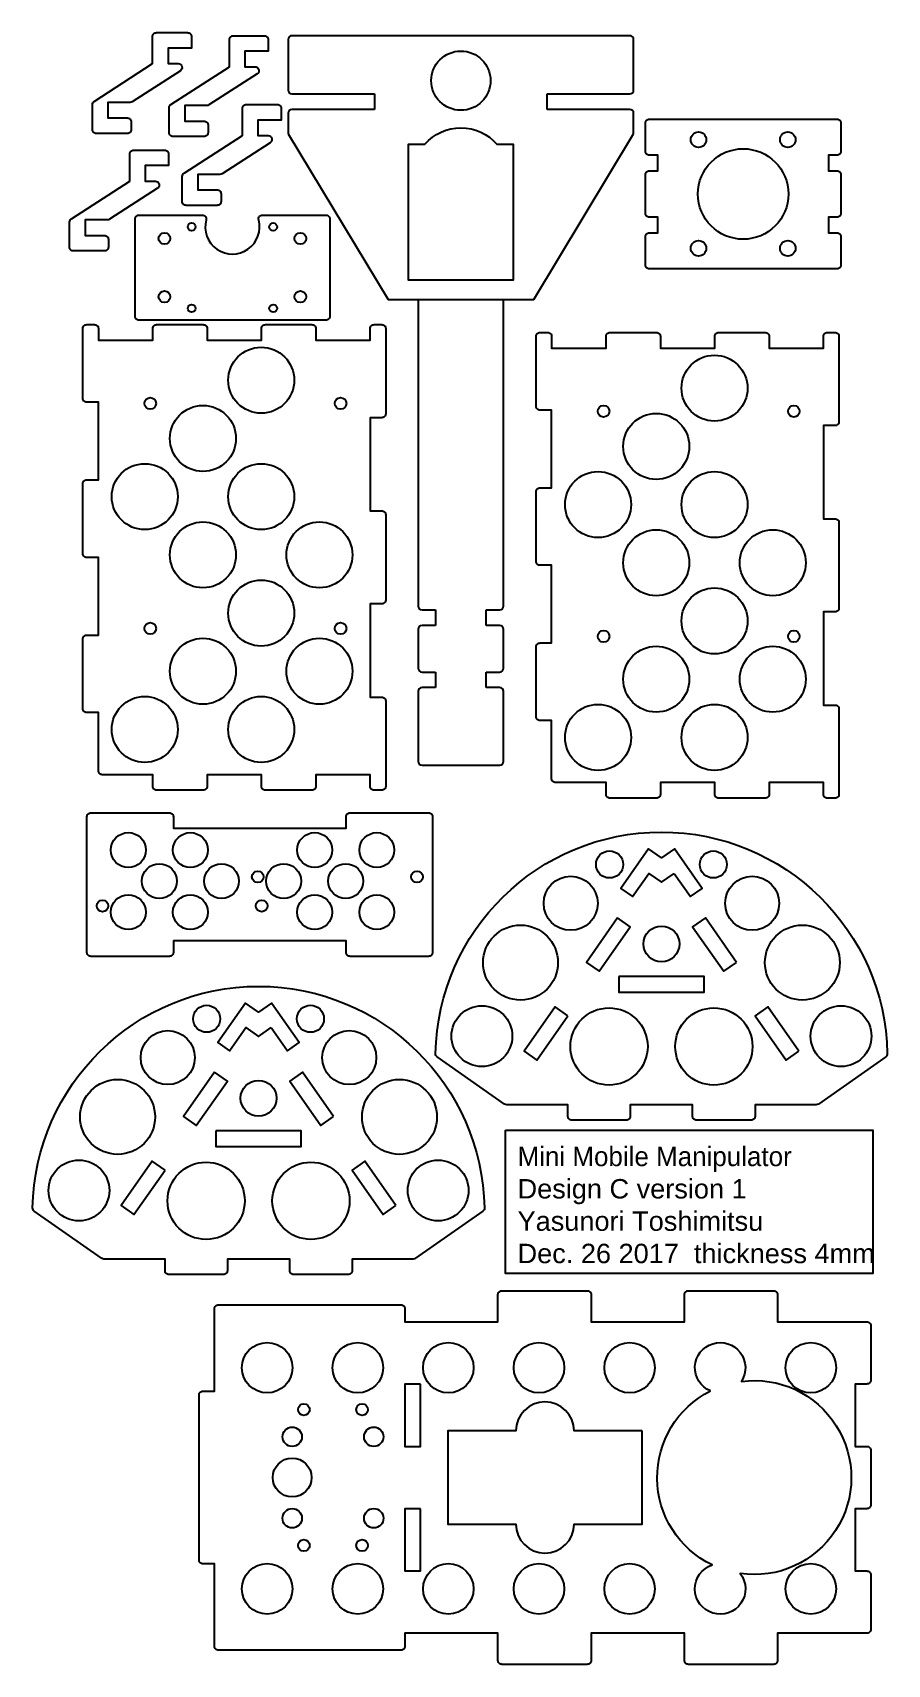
# Model space of a CAD drawing. Header units: millimetres. Extents: x -100 to 120, y -354 to 66.
import ezdxf

# ---------------------------------------------------------------- set-up
doc = ezdxf.new("R2010")
doc.units = ezdxf.units.MM
doc.header["$MEASUREMENT"] = 0

msp = doc.modelspace()

# ---------------------------------------------------------------- linework, layer by layer
at = {"color": 1}
for p, q in [((-34.18, 64.5), (-34.18, 51.5)), ((53.82, 65.5), (-33.18, 65.5)), ((54.82, 51.5), (54.82, 64.5)), ((-33.18, 50.5), (-11.93, 50.5)), ((-11.93, 50.5), (-11.93, 46.5)), ((32.57, 46.5), (32.57, 50.5)), ((32.57, 50.5), (53.82, 50.5)), ((-11.93, 46.5), (-33.18, 46.5)), ((53.82, 46.5), (32.57, 46.5)), ((-34.18, 45.5), (-34.18, 40.17)), ((54.82, 40.17), (54.82, 45.5)), ((-8.44, -2.5), (-0.68, -2.5)), ((-0.68, -2.5), (-0.68, -81.5)), ((21.32, -81.5), (21.32, -2.5)), ((21.32, -2.5), (29.08, -2.5)), ((0.32, -82.5), (3.82, -82.5)), ((3.82, -82.5), (3.82, -86.5)), ((16.82, -86.5), (16.82, -82.5)), ((16.82, -82.5), (20.32, -82.5)), ((-0.68, -87.5), (-0.68, -97.5)), ((3.82, -86.5), (0.32, -86.5)), ((20.32, -86.5), (16.82, -86.5)), ((21.32, -97.5), (21.32, -87.5)), ((0.32, -98.5), (3.82, -98.5)), ((3.82, -98.5), (3.82, -102.5)), ((16.82, -102.5), (16.82, -98.5)), ((16.82, -98.5), (20.32, -98.5)), ((-0.68, -103.5), (-0.68, -121.5)), ((3.82, -102.5), (0.32, -102.5)), ((20.32, -102.5), (16.82, -102.5)), ((21.32, -121.5), (21.32, -103.5)), ((0.32, -122.5), (20.32, -122.5))]:
    msp.add_line(p, q, dxfattribs=at)
at = {"color": 1, "linetype": 'Continuous'}
for p, q in [((-34.18, 40.17), (-8.44, -2.5)), ((29.08, -2.5), (54.82, 40.17)), ((-8.44, -2.5), (29.08, -2.5))]:
    msp.add_line(p, q, dxfattribs=at)
at = {"color": 1}
for points in [[(-74.33, 48.45, -0.144229), (-74.87, 48.29), (-80.58, 48.29), (-80.58, 44.29), (-75.58, 44.29, -0.414214), (-74.58, 43.29), (-74.58, 41.29, -0.414214), (-75.58, 40.29), (-83.58, 40.29, -0.414214), (-84.58, 41.29), (-84.58, 47.74, -0.254764), (-84.12, 48.58), (-69.08, 58.29), (-69.08, 65.29, -0.414214), (-68.08, 66.29), (-60.08, 66.29, -0.414214), (-59.08, 65.29), (-59.08, 62.29), (-65.08, 62.29), (-65.08, 58.29), (-62.47, 58.29, -0.747901), (-61.93, 56.45)], [(-54.55, 47.66, -0.144229), (-55.09, 47.5), (-60.8, 47.5), (-60.8, 43.5), (-55.8, 43.5, -0.414214), (-54.8, 42.5), (-54.8, 40.5, -0.414214), (-55.8, 39.5), (-63.8, 39.5, -0.414214), (-64.8, 40.5), (-64.8, 46.96, -0.254764), (-64.34, 47.8), (-49.3, 57.5), (-49.3, 64.5, -0.414214), (-48.3, 65.5), (-40.3, 65.5, -0.414214), (-39.3, 64.5), (-39.3, 61.5), (-45.3, 61.5), (-45.3, 57.5), (-42.69, 57.5, -0.747901), (-42.15, 55.66)], [(-51.19, 29.92, -0.144229), (-51.73, 29.76), (-57.44, 29.76), (-57.44, 25.76), (-52.44, 25.76, -0.414214), (-51.44, 24.76), (-51.44, 22.76, -0.414214), (-52.44, 21.76), (-60.44, 21.76, -0.414214), (-61.44, 22.76), (-61.44, 29.21, -0.254764), (-60.98, 30.05), (-45.94, 39.76), (-45.94, 46.76, -0.414214), (-44.94, 47.76), (-36.94, 47.76, -0.414214), (-35.94, 46.76), (-35.94, 43.76), (-41.94, 43.76), (-41.94, 39.76), (-39.33, 39.76, -0.747901), (-38.79, 37.92)], [(108.19, 6.42, -0.414214), (107.19, 5.42), (58.85, 5.42, -0.414214), (57.85, 6.42), (57.85, 13.7, -0.414214), (58.85, 14.7), (61.02, 14.7), (61.02, 18.7), (58.85, 18.7, -0.414214), (57.85, 19.7), (57.85, 29.7, -0.414214), (58.85, 30.7), (61.02, 30.7), (61.02, 34.7), (58.85, 34.7, -0.414214), (57.85, 35.7), (57.85, 42.98, -0.414214), (58.85, 43.98), (107.19, 43.98, -0.414214), (108.19, 42.98), (108.19, 35.7, -0.414214), (107.19, 34.7), (105.02, 34.7), (105.02, 30.7), (107.19, 30.7, -0.414214), (108.19, 29.7), (108.19, 19.7, -0.414214), (107.19, 18.7), (105.02, 18.7), (105.02, 14.7), (107.19, 14.7, -0.414214), (108.19, 13.7)], [(1.05, 37.5, -0.459712), (19.59, 37.5), (23.82, 37.5), (23.82, 2.5), (-3.18, 2.5), (-3.18, 37.5)], [(-80.21, 18.17, -0.144229), (-80.75, 18.01), (-86.46, 18.01), (-86.46, 14.01), (-81.46, 14.01, -0.414214), (-80.46, 13.01), (-80.46, 11.01, -0.414214), (-81.46, 10.01), (-89.46, 10.01, -0.414214), (-90.46, 11.01), (-90.46, 17.46, -0.254764), (-90, 18.3), (-74.96, 28.01), (-74.96, 35.01, -0.414214), (-73.96, 36.01), (-65.96, 36.01, -0.414214), (-64.96, 35.01), (-64.96, 32.01), (-70.96, 32.01), (-70.96, 28.01), (-68.35, 28.01, -0.747901), (-67.81, 26.17)], [(-23.45, -6.82, -0.414214), (-24.45, -7.82), (-72.59, -7.82, -0.414214), (-73.59, -6.82), (-73.59, 18.28, -0.414214), (-72.59, 19.28), (-56.25, 19.28, -0.492341), (-55.29, 18.02, 1.299737), (-41.75, 18.02, -0.492341), (-40.79, 19.28), (-24.45, 19.28, -0.414214), (-23.45, 18.28)], [(-86.04, -108.96, -0.414214), (-87.04, -107.96), (-87.04, -89.96, -0.414214), (-86.04, -88.96), (-83.04, -88.96), (-83.04, -68.96), (-86.04, -68.96, -0.414214), (-87.04, -67.96), (-87.04, -49.96, -0.414214), (-86.04, -48.96), (-83.04, -48.96), (-83.04, -28.96), (-86.04, -28.96, -0.414214), (-87.04, -27.96), (-87.04, -9.96, -0.414214), (-86.04, -8.96), (-84.04, -8.96, -0.414214), (-83.04, -9.96), (-83.04, -12.96), (-69.04, -12.96), (-69.04, -9.96, -0.414214), (-68.04, -8.96), (-56.04, -8.96, -0.414214), (-55.04, -9.96), (-55.04, -12.96), (-41.04, -12.96), (-41.04, -9.96, -0.414214), (-40.04, -8.96), (-28.04, -8.96, -0.414214), (-27.04, -9.96), (-27.04, -12.96), (-13.04, -12.96), (-13.04, -9.96, -0.414214), (-12.04, -8.96), (-10.04, -8.96, -0.414214), (-9.04, -9.96), (-9.04, -31.96, -0.414214), (-10.04, -32.96), (-13.04, -32.96), (-13.04, -56.96), (-10.04, -56.96, -0.414214), (-9.04, -57.96), (-9.04, -79.96, -0.414214), (-10.04, -80.96), (-13.04, -80.96), (-13.04, -104.96), (-10.04, -104.96, -0.414214), (-9.04, -105.96), (-9.04, -127.96, -0.414214), (-10.04, -128.96), (-12.04, -128.96, -0.414214), (-13.04, -127.96), (-13.04, -124.96), (-27.04, -124.96), (-27.04, -127.96, -0.414214), (-28.04, -128.96), (-40.04, -128.96, -0.414214), (-41.04, -127.96), (-41.04, -124.96), (-55.04, -124.96), (-55.04, -127.96, -0.414214), (-56.04, -128.96), (-68.04, -128.96, -0.414214), (-69.04, -127.96), (-69.04, -124.96), (-82.04, -124.96, -0.414214), (-83.04, -123.96), (-83.04, -108.96)], [(30.7, -111, -0.414214), (29.7, -110), (29.7, -92, -0.414214), (30.7, -91), (33.7, -91), (33.7, -71), (30.7, -71, -0.414214), (29.7, -70), (29.7, -52, -0.414214), (30.7, -51), (33.7, -51), (33.7, -31), (30.7, -31, -0.414214), (29.7, -30), (29.7, -12, -0.414214), (30.7, -11), (32.7, -11, -0.414214), (33.7, -12), (33.7, -15), (47.7, -15), (47.7, -12, -0.414214), (48.7, -11), (60.7, -11, -0.414214), (61.7, -12), (61.7, -15), (75.7, -15), (75.7, -12, -0.414214), (76.7, -11), (88.7, -11, -0.414214), (89.7, -12), (89.7, -15), (103.7, -15), (103.7, -12, -0.414214), (104.7, -11), (106.7, -11, -0.414214), (107.7, -12), (107.7, -34, -0.414214), (106.7, -35), (103.7, -35), (103.7, -59), (106.7, -59, -0.414214), (107.7, -60), (107.7, -82, -0.414214), (106.7, -83), (103.7, -83), (103.7, -107), (106.7, -107, -0.414214), (107.7, -108), (107.7, -130, -0.414214), (106.7, -131), (104.7, -131, -0.414214), (103.7, -130), (103.7, -127), (89.7, -127), (89.7, -130, -0.414214), (88.7, -131), (76.7, -131, -0.414214), (75.7, -130), (75.7, -127), (61.7, -127), (61.7, -130, -0.414214), (60.7, -131), (48.7, -131, -0.414214), (47.7, -130), (47.7, -127), (34.7, -127, -0.414214), (33.7, -126), (33.7, -111)], [(-64.73, -134.78, -0.414214), (-63.73, -135.78), (-63.73, -138.78), (-19.23, -138.78), (-19.23, -135.78, -0.414214), (-18.23, -134.78), (2.02, -134.78, -0.414214), (3.02, -135.78), (3.02, -170.78, -0.414214), (2.02, -171.78), (-18.23, -171.78, -0.414214), (-19.23, -170.78), (-19.23, -167.78), (-63.73, -167.78), (-63.73, -170.78, -0.414214), (-64.73, -171.78), (-84.98, -171.78, -0.414214), (-85.98, -170.78), (-85.98, -135.78, -0.414214), (-84.98, -134.78)], [(120.15, -196.85, -0.249627), (119.73, -197.69), (102.39, -209.83, -0.153915), (101.81, -210.01), (86.07, -210.01), (86.07, -213.01, -0.414214), (85.07, -214.01), (71.01, -214.01, -0.414214), (70.01, -213.01), (70.01, -210.01), (53.95, -210.01), (53.95, -213.01, -0.414214), (52.95, -214.01), (38.89, -214.01, -0.414214), (37.89, -213.01), (37.89, -210.01), (22.14, -210.01, -0.153915), (21.57, -209.83), (4.23, -197.69, -0.249627), (3.8, -196.85, -0.98159)], [(16.39, -236.62, -0.249627), (15.96, -237.46), (-1.38, -249.6, -0.153915), (-1.96, -249.78), (-17.7, -249.78), (-17.7, -252.78, -0.414214), (-18.7, -253.78), (-32.76, -253.78, -0.414214), (-33.76, -252.78), (-33.76, -249.78), (-49.82, -249.78), (-49.82, -252.78, -0.414214), (-50.82, -253.78), (-64.88, -253.78, -0.414214), (-65.88, -252.78), (-65.88, -249.78), (-81.63, -249.78, -0.153915), (-82.2, -249.6), (-99.54, -237.46, -0.249627), (-99.97, -236.62, -0.98159)], [(-52.12, -350.59, -0.414214), (-53.12, -349.59), (-53.12, -328.34), (-56.12, -328.34, -0.414214), (-57.12, -327.34), (-57.12, -284.84, -0.414214), (-56.12, -283.84), (-53.12, -283.84), (-53.12, -262.59, -0.414214), (-52.12, -261.59), (-5.12, -261.59, -0.414214), (-4.12, -262.59), (-4.12, -265.94), (19.88, -265.94), (19.88, -258.94, -0.414214), (20.88, -257.94), (42.88, -257.94, -0.414214), (43.88, -258.94), (43.88, -265.94), (67.88, -265.94), (67.88, -258.94, -0.414214), (68.88, -257.94), (90.88, -257.94, -0.414214), (91.88, -258.94), (91.88, -265.94), (114.88, -265.94, -0.414214), (115.88, -266.94), (115.88, -281, -0.414214), (114.88, -282), (111.88, -282), (111.88, -298.06), (114.88, -298.06, -0.414214), (115.88, -299.06), (115.88, -313.12, -0.414214), (114.88, -314.12), (111.88, -314.12), (111.88, -330.18), (114.88, -330.18, -0.414214), (115.88, -331.18), (115.88, -345.24, -0.414214), (114.88, -346.24), (91.88, -346.24), (91.88, -353.24, -0.414214), (90.88, -354.24), (68.88, -354.24, -0.414214), (67.88, -353.24), (67.88, -346.24), (43.88, -346.24), (43.88, -353.24, -0.414214), (42.88, -354.24), (20.88, -354.24, -0.414214), (19.88, -353.24), (19.88, -346.24), (-4.12, -346.24), (-4.12, -349.59, -0.414214), (-5.12, -350.59)], [(74.59, -283.79, -2.749965), (82.56, -281.32, -1.150183), (82.25, -330.83, -3.134894), (75.05, -328.63, -0.621672)], [(56.98, -294.09), (39.48, -294.09, 1), (24.48, -294.09), (6.98, -294.09), (6.98, -318.09), (24.48, -318.09, 1), (39.48, -318.09), (56.98, -318.09)]]:
    msp.add_lwpolyline(points, format="xyb", close=True, dxfattribs=at)
for points in [[(65.25, -150.38), (69.44, -156.36), (72.45, -154.25), (65.33, -144.07), (61.98, -146.42), (58.63, -144.07), (51.5, -154.25), (54.51, -156.36), (58.7, -150.38), (61.98, -152.67)], [(50.67, -161.85), (42.64, -173.32), (45.92, -175.61), (53.95, -164.14)], [(81.31, -173.32), (73.28, -161.85), (70.01, -164.14), (78.04, -175.61)], [(50.98, -177.01), (50.98, -181.01), (72.98, -181.01), (72.98, -177.01)], [(-38.51, -190.15), (-34.33, -196.13), (-31.32, -194.02), (-38.44, -183.84), (-41.79, -186.18), (-45.14, -183.84), (-52.27, -194.02), (-49.25, -196.13), (-45.07, -190.15), (-41.79, -192.44)], [(37.89, -187.08), (34.61, -184.78), (26.58, -196.25), (29.86, -198.55)], [(97.37, -196.25), (89.34, -184.78), (86.07, -187.08), (94.1, -198.55)], [(-53.1, -201.62), (-61.13, -213.08), (-57.85, -215.38), (-49.82, -203.91)], [(-22.45, -213.08), (-30.48, -201.62), (-33.76, -203.91), (-25.73, -215.38)], [(-52.79, -216.78), (-52.79, -220.78), (-30.79, -220.78), (-30.79, -216.78)], [(-65.88, -226.85), (-69.16, -224.55), (-77.19, -236.02), (-73.91, -238.31)], [(-6.39, -236.02), (-14.42, -224.55), (-17.7, -226.85), (-9.67, -238.31)], [(-0.12, -282), (-4.12, -282), (-4.12, -298.06), (-0.12, -298.06)], [(-0.12, -314.12), (-4.12, -314.12), (-4.12, -330.18), (-0.12, -330.18)]]:
    msp.add_lwpolyline(points, close=True, dxfattribs=at)
at = {"color": 1, "linetype": 'Continuous'}
msp.add_lwpolyline([(21.82, -216.56), (116.38, -216.56), (116.38, -253.51), (21.82, -253.51)], close=True, dxfattribs=at)
at = {"color": 1}
for centre, radius in [((10.32, 53.91), 7.64), ((71.52, 38.7), 2), ((94.52, 38.7), 2), ((83.02, 24.7), 11.66), ((-59.02, 16.23), 1), ((-38.02, 16.23), 1), ((-66.02, 13.23), 1.5), ((-31.02, 13.23), 1.5), ((71.52, 10.7), 2), ((94.52, 10.7), 2), ((-66.02, -1.77), 1.5), ((-59.02, -4.77), 1), ((-38.02, -4.77), 1), ((-31.02, -1.77), 1.5), ((-41.1, -23.3), 8.5), ((75.64, -25.34), 8.5), ((-69.67, -29.26), 1.5), ((-20.67, -29.26), 1.5), ((-56.1, -38.3), 8.5), ((47.07, -31.3), 1.5), ((60.64, -40.34), 8.5), ((96.07, -31.3), 1.5), ((-71.1, -53.3), 8.5), ((-41.1, -53.3), 8.5), ((45.64, -55.34), 8.5), ((75.64, -55.34), 8.5), ((-56.1, -68.3), 8.5), ((-26.1, -68.3), 8.5), ((60.64, -70.34), 8.5), ((90.64, -70.34), 8.5), ((-41.1, -83.3), 8.5), ((75.64, -85.34), 8.5), ((-69.67, -87.26), 1.5), ((-20.67, -87.26), 1.5), ((47.07, -89.3), 1.5), ((96.07, -89.3), 1.5), ((-56.1, -98.3), 8.5), ((-26.1, -98.3), 8.5), ((60.64, -100.34), 8.5), ((90.64, -100.34), 8.5), ((-71.1, -113.3), 8.5), ((-41.1, -113.3), 8.5), ((45.64, -115.34), 8.5), ((75.64, -115.34), 8.5), ((-75.33, -144.39), 4.5), ((-59.33, -144.39), 4.5), ((-27.33, -144.39), 4.5), ((-11.33, -144.39), 4.5), ((48.61, -148.1), 3.48), ((75.34, -148.1), 3.48), ((-67.33, -152.39), 4.5), ((-51.33, -152.39), 4.5), ((-41.98, -151.28), 1.5), ((-35.33, -152.39), 4.5), ((-19.33, -152.39), 4.5), ((-0.98, -151.28), 1.5), ((38.61, -158.1), 6.96), ((85.34, -158.1), 6.96), ((-81.98, -158.78), 1.5), ((-75.33, -160.39), 4.5), ((-59.33, -160.39), 4.5), ((-40.98, -158.78), 1.5), ((-27.33, -160.39), 4.5), ((-11.33, -160.39), 4.5), ((25.68, -173.38), 9.65), ((61.98, -168.58), 4.62), ((98.27, -173.38), 9.65), ((-55.16, -187.87), 3.48), ((-28.42, -187.87), 3.48), ((15.73, -192.34), 7.83), ((108.23, -192.34), 7.83), ((48.48, -195.01), 9.95), ((75.48, -195.01), 9.95), ((-65.16, -197.87), 6.96), ((-18.42, -197.87), 6.96), ((-78.09, -213.15), 9.65), ((-41.79, -208.35), 4.62), ((-5.49, -213.15), 9.65), ((-88.04, -232.11), 7.83), ((-55.29, -234.78), 9.95), ((-28.29, -234.78), 9.95), ((4.46, -232.11), 7.83), ((-39.57, -277.79), 6.5), ((-16.23, -277.79), 6.5), ((7.1, -277.79), 6.5), ((30.43, -277.79), 6.5), ((53.77, -277.79), 6.5), ((100.43, -277.79), 6.5), ((-30.12, -288.59), 1.5), ((-15.12, -288.59), 1.5), ((-33.12, -295.59), 2.5), ((-12.12, -295.59), 2.5), ((-33.12, -306.09), 5), ((-33.12, -316.59), 2.5), ((-12.12, -316.59), 2.5), ((-30.12, -323.59), 1.5), ((-15.12, -323.59), 1.5), ((-39.57, -334.79), 6.5), ((-16.23, -334.79), 6.5), ((7.1, -334.79), 6.5), ((30.43, -334.79), 6.5), ((53.77, -334.79), 6.5), ((100.43, -334.79), 6.5)]:
    msp.add_circle(centre, radius, dxfattribs=at)
for centre, start, end in [((-33.18, 64.5), 90, 180), ((53.82, 64.5), 0, 90), ((-33.18, 51.5), 180, 270), ((53.82, 51.5), 270, 0), ((-33.18, 45.5), 90, 180), ((53.82, 45.5), 0, 90), ((0.32, -81.5), 180, 270), ((20.32, -81.5), 270, 0), ((0.32, -87.5), 90, 180), ((20.32, -87.5), 0, 90), ((0.32, -97.5), 180, 270), ((20.32, -97.5), 270, 0), ((0.32, -103.5), 90, 180), ((20.32, -103.5), 0, 90), ((0.32, -121.5), 180, 270), ((20.32, -121.5), 270, 0)]:
    msp.add_arc(centre, 1, start, end, dxfattribs=at)

# ---------------------------------------------------------------- texts
at = {"linetype": 'Continuous', "insert": (24.92, -220.84), "char_height": 5, "attachment_point": 1}
msp.add_mtext_dynamic_manual_height_columns('Mini Mobile Manipulator\\P{\\fArial|b0|i0|c0|p0;Design C version 1\\PYasunori Toshimitsu\\PDec. 26 2017  thickness 4mm}', width=95.7651, gutter_width=1, heights=[0], dxfattribs=at)

doc.saveas('drawing.dxf')

========

What to work on - Every line of the listing that includes the word "ezdxf" belongs in the answer.

Result of this exercise -
import ezdxf
doc = ezdxf.new("R2010")
doc.units = ezdxf.units.MM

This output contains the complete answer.